Mr. Shaibat repeatedly returned to Ms. Ahmed’s upbringing: Her father died when she was 6 months old. Her mother remarried when she was 6 and left her in Beit Sahur; she now lives in Jordan. Ms. Ahmed made friends and was an excellent student, earning a partial scholarship to Bethlehem University. But it seemed to her family that she hid a great deal behind her bright smile.
The family resisted her liaison with the Tanzim leader, fearing precisely what proved his fate. Within a month of his death on March 8, Israeli forces invaded Bethlehem. Though Ms. Ahmed baked sweets and helped around the house during the 39-day Israeli siege, she was often glued to the television, following the Israeli offensive.
Then she quarreled bitterly with an aunt shortly before she undertook her mission, without a word to her family.
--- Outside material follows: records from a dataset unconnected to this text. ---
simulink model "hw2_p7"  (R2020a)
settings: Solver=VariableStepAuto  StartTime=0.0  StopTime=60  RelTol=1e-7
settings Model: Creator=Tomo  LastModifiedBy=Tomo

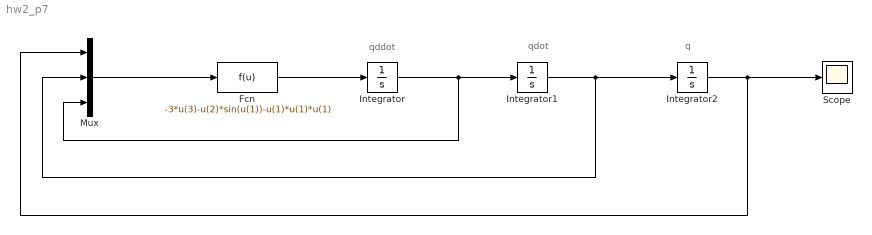
== system hw2_p7 ==
  note: q
  note: qdot
  note: qddot
  Fcn : Fcn  Expr=-3*u(3)-u(2)*sin(u(1))-u(1)*u(1)*u(1)
  Integrator : Integrator
  Integrator1 : Integrator
  Integrator2 : Integrator  InitialCondition=0.5
  Mux : Mux  Inputs=3
  Scope : Scope
  wires:
  Integrator2/1 -> Scope/1, Mux/1
  Integrator/1 -> Mux/3, Integrator1/1
  Integrator1/1 -> Integrator2/1, Mux/2
  Mux/1 -> Fcn/1
  Fcn/1 -> Integrator/1

Ms. Ahmed’s uncle and aunts repeatedly said they felt guilty, and wondered if she was trying to punish them, using the kind of language that the families of suicides and attempted suicides in the United States often invoke.
”There is a saying in America,” Mr. Shaibat said. ”I didn’t see the writing on the wall.”
In an effort to understand the changing nature of suicide bombing, the Israeli defense minister, Benjamin Ben-Eliezer, recently met separately with Ms. Ahmed and a would-be suicide bomber who was intercepted. He said he found little commonality but despair.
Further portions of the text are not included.